▶ **Exercise directions**:
Whenever "normal" appears in a line, please copy that line from the data.

[Stored items]
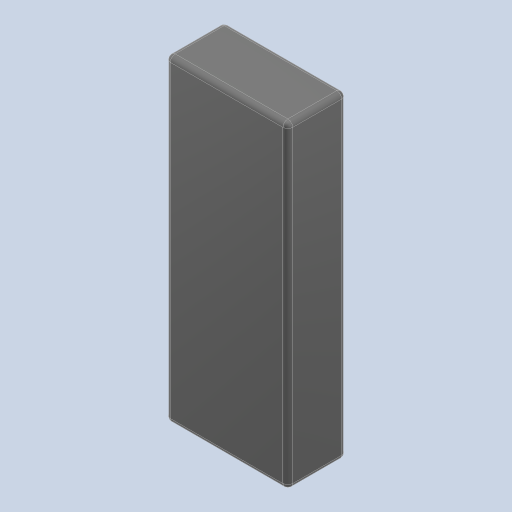
# Autodesk Inventor part: LiPo_800mAh
Saved by Autodesk Inventor 2023 (Build 270158000, 158)
## iProperties
Created: 2022-08-11
Part Number: LiPo_800mAh
Material: Acetal Resin, Black
Document SubType Name: Modeling
Designer: Windows10
Density: 1.425 g/cm^3
Appearance: Smooth - Black
Author: Windows10
Autodesk Inventor part; units mm, degrees
ref_plane "YZ Plane" through (0, 0, 0) normal (1, 0, 0) x (0, 1, 0)
ref_plane "XZ Plane" through (0, 0, 0) normal (0, 1, 0) x (-1, 0, 0)
ref_plane "XY Plane" through (0, 0, 0) normal (0, 0, 1) x (1, 0, 0)
sketch "Sketch1" plane through (0, 0, 0) normal (0, 0, 1) x (1, 0, 0)
  line L0 (0, 0) -> (25, 0)
  line L1 (25, 0) -> (25, -65)
  line L2 (25, -65) -> (0, -65)
  line L3 (0, -65) -> (0, 0)
  dimension "d0" = 25
  dimension "d1" = 65
  constraints: 8 end point, 2 parallel, 1 horizontal, 1 perpendicular
  measures "d0" distance of L1.end L2.end
  measures "d1" distance of L0.end L1.end
extrude "Extrusion1" add sketch "Sketch1" along normal blind 12
fillet "Fillet3" radius 1 12 edges at (25, -32.5, 0) (0, -32.5, 0) (0, -32.5, 12) (25, -32.5, 12) (12.5, 0, 0) (12.5, 0, 12) (0, 0, 6) (25, 0, 6) (12.5, -65, 0) (25, -65, 6) (0, -65, 6) (12.5, -65, 12)
body "Solid1"

▶ **Response area**:
ref_plane "YZ Plane" through (0, 0, 0) normal (1, 0, 0) x (0, 1, 0)
ref_plane "XZ Plane" through (0, 0, 0) normal (0, 1, 0) x (-1, 0, 0)
ref_plane "XY Plane" through (0, 0, 0) normal (0, 0, 1) x (1, 0, 0)
sketch "Sketch1" plane through (0, 0, 0) normal (0, 0, 1) x (1, 0, 0)
extrude "Extrusion1" add sketch "Sketch1" along normal blind 12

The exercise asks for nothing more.